----- Material supplied -----
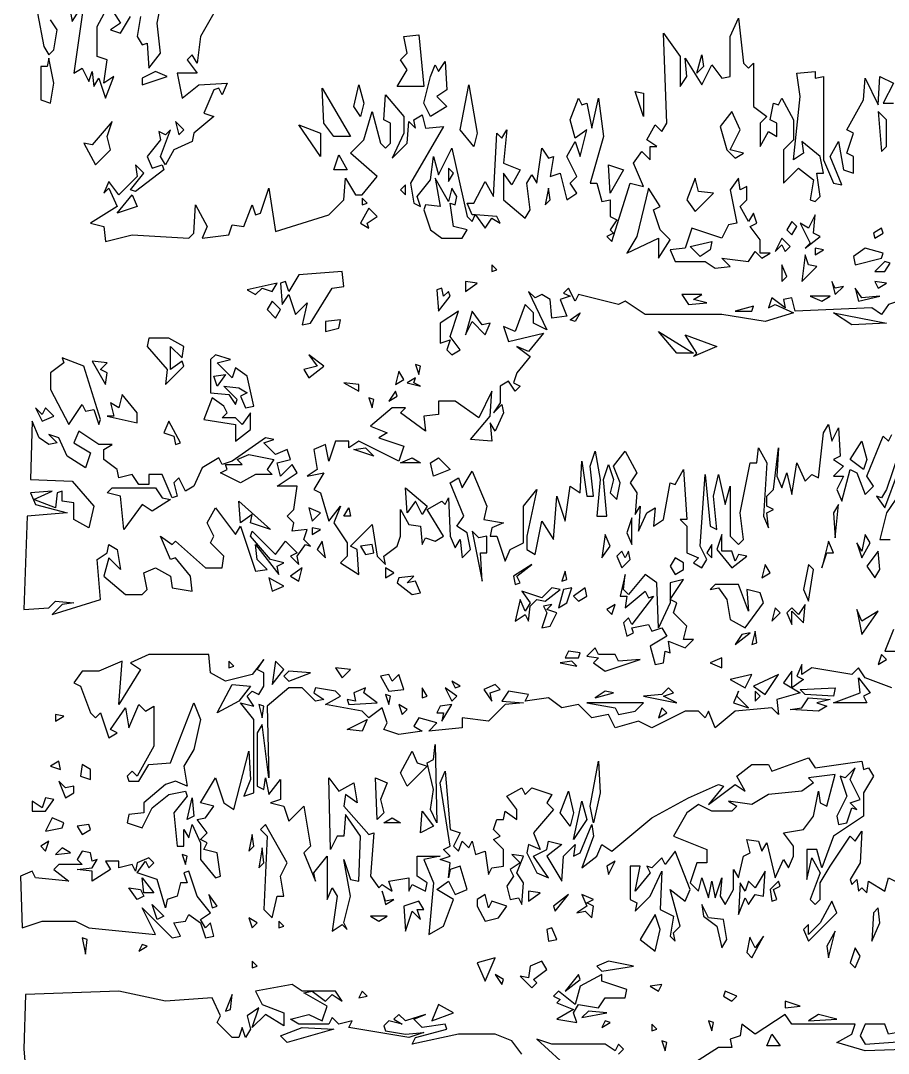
# Model space of a CAD drawing. Header units: millimetres. Extents: x -1861 to 1853, y -2 to 9002.
# Drawn here: x 68 to 1215, y 4301 to 5666 of the extents above; entities that cross this region are included whole.
import ezdxf

# ---------------------------------------------------------------- set-up
doc = ezdxf.new("R2010")
doc.units = ezdxf.units.MM
doc.layers.add('ALMOND-DRAW-PROFILE', color=7, linetype='Continuous', lineweight=25)

msp = doc.modelspace()

# ---------------------------------------------------------------- linework, layer by layer
at = {"layer": 'ALMOND-DRAW-PROFILE'}
for points in [[(127.4, 5713.1), (136.2, 5664.6), (151.6, 5688.8), (138.4, 5596.4), (149.4, 5603), (158.2, 5585.4), (162.6, 5598.6), (164.8, 5578.8), (171.4, 5589.8), (180.2, 5563.4), (191.2, 5592), (178, 5583.2), (182.4, 5614), (169.2, 5618.4), (169.2, 5658), (184.6, 5686.6), (200, 5662.4), (186.8, 5653.6), (200, 5649.2), (213.2, 5671.2)], [(226.4, 5671.2), (222, 5644.8), (228.6, 5633.8), (235.3, 5636), (237.5, 5603), (252.9, 5622.8), (248.5, 5662.4), (257.3, 5706.5)], [(90, 5675.6), (98.8, 5631.6), (105.4, 5620.6), (112, 5627.2), (116.4, 5653.6), (107.6, 5666.8)], [(323.3, 5675.6), (305.7, 5644.8), (301.3, 5609.6), (294.7, 5620.6), (288.1, 5614), (301.3, 5596.4), (274.9, 5596.4), (281.5, 5563.4), (303.5, 5581), (340.9, 5583.2), (334.3, 5567.8), (329.9, 5576.6), (323.3, 5574.4), (310.1, 5543.5), (323.3, 5539.1), (296.9, 5517.1), (294.7, 5506.1), (270.5, 5495.1), (259.5, 5475.3), (252.9, 5486.3), (266.1, 5521.5), (259.5, 5514.9), (250.7, 5519.3), (252.9, 5508.3), (235.3, 5486.3), (241.9, 5470.9), (255.1, 5475.3), (257.3, 5468.7), (219.8, 5440.1), (213.2, 5442.3), (230.9, 5464.3), (219.8, 5475.3), (222, 5459.9), (197.8, 5435.7), (184.6, 5453.3), (178, 5437.9), (184.6, 5444.5), (195.6, 5420.3), (160.4, 5398.2), (178, 5393.8), (180.2, 5374), (215.4, 5382.8), (290.3, 5378.4), (296.9, 5385), (299.1, 5422.5), (314.5, 5393.8), (307.9, 5378.4), (343.1, 5382.8), (347.5, 5396), (362.9, 5393.8), (374, 5422.5), (378.4, 5409.2), (385, 5411.4), (396, 5444.5), (404.8, 5387.2), (475.2, 5409.2), (495, 5429.1), (497.2, 5457.7), (510.5, 5435.7), (519.3, 5435.7), (539.1, 5459.9), (503.8, 5490.7), (521.5, 5508.3), (532.5, 5545.7), (543.5, 5503.9), (550.1, 5497.3), (556.7, 5503.9), (556.7, 5530.3), (547.9, 5534.7), (550.1, 5567.8), (574.3, 5539.1), (574.3, 5517.1), (558.9, 5484.1), (578.7, 5503.9), (580.9, 5532.5), (589.7, 5523.7), (587.5, 5534.7), (598.5, 5541.3), (602.9, 5523.7), (627.1, 5525.9), (583.1, 5451.1), (587.5, 5424.7), (596.3, 5420.3), (591.9, 5433.5), (609.5, 5455.5), (613.9, 5486.3), (620.5, 5462.1), (638.1, 5497.3), (658, 5407), (664.6, 5400.4), (668.8, 5409), (664.6, 5409.2), (658, 5424.7), (666.8, 5424.7), (682.2, 5453.3), (693.2, 5433.5), (697.6, 5517.1), (704.2, 5510.5), (710.8, 5521.5), (706.4, 5477.5), (728.4, 5468.7), (717.4, 5448.9), (706.4, 5464.3), (706.4, 5429.1), (735, 5404.8), (741.6, 5415.9), (737.2, 5451.1), (743.8, 5462.1), (750.4, 5451.1), (757, 5497.3), (765.8, 5484.1), (772.4, 5486.3), (768, 5459.9), (781.2, 5464.3), (790, 5429.1), (803.3, 5437.9), (794.5, 5451.1), (803.3, 5459.9), (790, 5486.3), (801.1, 5506.1), (807.7, 5486.3), (816.5, 5521.5), (801.1, 5510.5), (794.5, 5534.7), (805.5, 5563.4), (809.9, 5554.5), (816.5, 5556.8), (823.1, 5523.7), (831.9, 5563.4), (838.5, 5512.7), (820.9, 5451.1), (829.7, 5451.1), (836.3, 5426.9), (847.3, 5429.1), (847.3, 5407), (856.1, 5402.6), (847.3, 5389.4), (851.7, 5385), (842.9, 5380.6), (849.5, 5374), (873.7, 5451.1), (891.3, 5446.7), (878.1, 5477.5), (889.1, 5492.9), (900.1, 5481.9), (900.1, 5499.5), (908.9, 5499.5), (895.7, 5508.3), (906.7, 5528.1), (915.5, 5519.3), (922.1, 5530.3), (917.7, 5649.2), (939.8, 5618.4), (939.8, 5578.8), (948.6, 5592), (946.4, 5616.2), (968.4, 5581), (981.6, 5607.4), (994.8, 5589.8), (1005.8, 5592), (1005.8, 5644.8), (1016.8, 5669), (1023.4, 5609.6), (1030, 5603), (1036.6, 5609.6), (1036.6, 5552.3), (1054.2, 5539.1), (1045.4, 5530.3), (1045.4, 5499.5), (1056.4, 5519.3), (1067.4, 5512.7), (1067.4, 5530.3), (1058.6, 5534.7), (1063, 5556.8), (1069.6, 5554.5), (1074.1, 5563.4), (1089.5, 5534.7), (1089.5, 5508.3), (1076.3, 5495.1), (1076.3, 5451.1), (1096.1, 5470.9), (1115.9, 5455.5), (1111.5, 5429.1), (1118.1, 5426.9), (1124.7, 5433.5), (1120.3, 5464.3), (1129.1, 5464.3), (1124.7, 5486.3), (1100.5, 5506.1), (1102.7, 5490.7), (1089.5, 5481.9), (1098.3, 5565.6), (1093.9, 5596.4), (1118.1, 5598.6), (1118.1, 5589.8), (1129.1, 5592), (1129.1, 5481.9), (1142.3, 5451.1), (1153.3, 5448.9), (1137.9, 5486.3), (1148.9, 5506.1), (1155.5, 5468.7), (1168.7, 5464.3), (1168.7, 5486.3), (1159.9, 5490.7), (1168.7, 5517.1), (1159.9, 5521.5), (1181.9, 5561.2), (1184.1, 5589.8), (1201.7, 5554.5), (1203.9, 5592), (1221.6, 5583.2), (1208.3, 5556.8), (1221.6, 5556.8)], [(1241.4, 5299.2), (1215, 5290.4), (1206.1, 5277.2), (1192.9, 5286), (1091.7, 5281.6), (1087.3, 5299.2), (1076.3, 5297), (1078.5, 5286), (1060.8, 5299.2), (1056.4, 5286), (1065.2, 5290.4), (1089.5, 5279.4), (1052, 5268.3), (994.8, 5277.2), (893.5, 5277.2), (867.1, 5294.8), (858.3, 5290.4), (805.5, 5303.6), (801.1, 5294.8), (792.3, 5312.4), (785.6, 5305.8), (794.5, 5301.4), (781.2, 5297), (790, 5275), (770.2, 5272.7), (768, 5297), (757, 5303.6), (748.2, 5299.2), (739.4, 5308), (763.6, 5257.3), (746, 5266.1), (746, 5279.4), (735, 5290.4), (721.8, 5255.1), (706.4, 5261.7), (713, 5241.9), (759.2, 5252.9), (739.4, 5228.7), (724, 5235.3), (741.6, 5222.1), (724, 5200.1), (719.6, 5186.9), (728.4, 5182.5), (721.8, 5175.9), (713, 5189.1), (702, 5182.5), (702, 5160.5), (693.2, 5147.3), (704.2, 5158.3), (706.4, 5147.3), (695.4, 5123), (688.8, 5134.1), (691, 5109.8), (662.4, 5112), (688.8, 5142.9), (691, 5175.9), (673.4, 5140.7), (642.5, 5162.7), (620.5, 5162.7), (620.5, 5145.1), (600.7, 5142.9), (602.9, 5123), (569.9, 5147.3), (576.5, 5153.9), (558.9, 5153.9), (530.3, 5129.6), (552.3, 5120.8), (541.3, 5114.2), (574.3, 5103.2), (567.7, 5083.4), (514.9, 5109.8), (501.6, 5101), (501.6, 5109.8), (484, 5109.8), (475.2, 5083.4), (470.8, 5105.4), (455.4, 5098.8), (459.8, 5072.4), (446.6, 5063.6), (468.6, 5068), (455.4, 5046), (464.2, 5041.6), (475.2, 5004.2), (490.6, 5024), (481.8, 5002), (499.4, 4975.5), (499.4, 4957.9), (490.6, 4949.1), (514.9, 4933.7), (512.7, 4966.7), (503.8, 4971.1), (532.5, 4999.8), (539.1, 4957.9), (550.1, 4946.9), (547.9, 4957.9), (565.5, 4971.1), (569.9, 4984.3), (569.9, 5019.6), (580.9, 4999.8), (596.3, 4997.6), (598.5, 4973.3), (602.9, 4982.1), (616.1, 4977.7), (627.1, 4984.3), (605.1, 5019.6), (624.9, 5030.6), (629.3, 5026.2), (633.7, 5035), (635.9, 4984.3), (642.5, 4968.9), (649.1, 4979.9), (651.4, 4955.7), (662.4, 4966.7), (658, 4988.7), (644.7, 4997.6), (653.6, 5010.8), (635.9, 5054.8), (646.9, 5061.4), (651.4, 5048.2), (664.6, 5070.2), (684.4, 5024), (680, 5006.4), (706.4, 5002), (691, 4995.4), (688.8, 4984.3), (697.6, 4984.3), (708.6, 4951.3), (715.2, 4966.7), (732.8, 4975.5), (732.8, 5024), (750.4, 5046), (737.2, 4984.3), (737.2, 4966.7), (748.2, 4960.1), (757, 5004.2), (772.4, 4979.9), (776.8, 5037.2), (787.8, 5004.2), (794.5, 5050.4), (807.7, 5041.6), (809.9, 5083.4), (816.5, 5037.2), (825.3, 5037.2), (820.9, 5076.8), (827.5, 5096.6), (834.1, 5059.2), (829.7, 5010.8), (842.9, 5010.8), (838.5, 5059.2), (845.1, 5079), (851.7, 5059.2), (847.3, 5041.6), (856.1, 5032.8), (860.5, 5054.8), (851.7, 5076.8), (867.1, 5096.6), (882.5, 5068), (873.7, 5054.8), (882.5, 5041.6), (880.3, 5013), (886.9, 5024), (884.7, 4990.9), (895.7, 5015.2), (906.7, 5021.8), (904.5, 4997.6), (917.7, 5006.4), (926.5, 5054.8), (933.2, 5052.6), (944.2, 5072.4), (948.6, 5006.4), (939.8, 5006.4), (948.6, 4997.6), (948.6, 4962.3), (964, 4955.7), (957.4, 4949.1), (968.4, 4942.5), (975, 4953.5), (966.2, 4971.1), (972.8, 5065.8), (979.4, 4997.6), (988.2, 4993.2), (983.8, 5037.2), (990.4, 5065.8), (999.2, 5026.2), (1005.8, 5050.4), (1005.8, 4984.3), (1016.8, 4973.3), (1023.4, 4979.9), (1019, 5015.2), (1032.2, 5081.2), (1041, 5081.2), (1043.2, 5101), (1054.2, 5081.2), (1049.8, 5010.8), (1056.4, 4995.4), (1054.2, 5015.2), (1063, 5019.6), (1054.2, 5024), (1054.2, 5037.2), (1063, 5046), (1069.6, 5101), (1067.4, 5063.6), (1074.1, 5048.2), (1080.7, 5068), (1087.3, 5039.4), (1093.9, 5081.2), (1104.9, 5057), (1113.7, 5065.8), (1122.5, 5061.4), (1129.1, 5120.8), (1135.7, 5131.8), (1140.1, 5109.8), (1148.9, 5127.4), (1151.1, 5090), (1142.3, 5085.6), (1155.5, 5076.8), (1142.3, 5063.6), (1155.5, 5063.6), (1146.7, 5046), (1153.3, 5030.6), (1164.3, 5072.4), (1173.1, 5068), (1184.1, 5039.4), (1195.1, 5050.4), (1186.3, 5063.6), (1208.3, 5116.4), (1215, 5109.8), (1219.4, 5118.6)], [(1237, 5118.6), (1212.7, 5046), (1206.1, 5035), (1199.5, 5037.2), (1210.5, 5021.8), (1228.2, 5070.2)], [(1230.4, 5041.6), (1212.7, 5015.2), (1203.9, 4979.9), (1217.2, 4979.9)], [(1221.6, 4861.1), (1210.5, 4832.4), (1232.6, 4832.4)], [(1219.4, 4784), (1184.1, 4797.2), (1175.3, 4810.4), (1166.5, 4801.6), (1113.7, 4810.4), (1100.5, 4801.6), (1100.5, 4814.8), (1093.9, 4799.4), (1102.7, 4795), (1087.3, 4784), (1098.3, 4777.4), (1067.4, 4768.6), (1069.6, 4748.8), (1060.8, 4757.6), (1012.4, 4753.2), (986, 4731.2), (977.2, 4753.2), (972.8, 4744.4), (964, 4753.2), (946.4, 4753.2), (902.3, 4731.2), (884.7, 4740), (853.9, 4731.2), (845.1, 4748.8), (823.1, 4744.4), (805.5, 4762), (783.4, 4757.6), (765.8, 4770.8), (735, 4766.4), (739.4, 4775.2), (713, 4779.6), (704.2, 4766.4), (732.8, 4764.2), (708.6, 4762), (686.6, 4740), (651.4, 4744.4), (651.4, 4731.2), (607.3, 4726.8), (618.3, 4737.8), (594.1, 4744.4), (587.5, 4733.4), (598.5, 4726.8), (567.7, 4722.4), (547.9, 4729), (552.3, 4737.8), (545.7, 4757.6), (528.1, 4744.4), (519.3, 4753.2), (470.8, 4762), (490.6, 4773), (484, 4779.6), (457.6, 4784), (455.4, 4777.4), (468.6, 4768.6), (457.6, 4766.4), (440, 4784), (422.4, 4784), (393.8, 4759.8), (396, 4665.1), (387.2, 4735.6), (380.6, 4724.6), (380.6, 4654.1), (389.4, 4649.7), (391.6, 4665.1), (396, 4643.1), (411.4, 4662.9), (411.4, 4636.5), (398.2, 4632.1), (415.8, 4627.7), (422.4, 4607.9), (442.2, 4627.7), (451, 4574.9), (442.2, 4566), (457.6, 4528.6), (455.4, 4539.6), (473, 4561.6), (473, 4504.4), (479.6, 4519.8), (486.2, 4508.8), (479.6, 4462.6), (492.8, 4471.4), (499.4, 4464.8), (495, 4473.6), (503.8, 4508.8), (495, 4557.2), (503.8, 4530.8), (514.9, 4528.6), (517.1, 4588.1), (497.2, 4616.7), (495, 4588.1), (486.2, 4588.1), (477.4, 4570.5), (475.2, 4665.1), (488.4, 4647.5), (508.2, 4658.5), (512.7, 4632.1), (497.2, 4643.1), (495, 4627.7), (528.1, 4590.3), (534.7, 4592.5), (530.3, 4535.2), (541.3, 4519.8), (545.7, 4524.2), (558.9, 4515.4), (554.5, 4528.6), (580.9, 4533), (580.9, 4515.4), (585.3, 4524.2), (602.9, 4515.4), (605.1, 4526.4), (591.9, 4535.2), (591.9, 4561.6), (622.7, 4561.6), (600.7, 4557.2), (613.9, 4526.4), (607.3, 4458.2), (627.1, 4469.2), (640.3, 4504.4), (618.3, 4517.6), (633.7, 4528.6), (642.5, 4511), (658, 4517.6), (649.1, 4548.4), (635.9, 4544), (633.7, 4533), (635.9, 4552.8), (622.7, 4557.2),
-----
■ **Problem to solve**:
Answer with a single number: the count of lines above that contain the string "ALMOND".

■ **Output for this exercise**:
2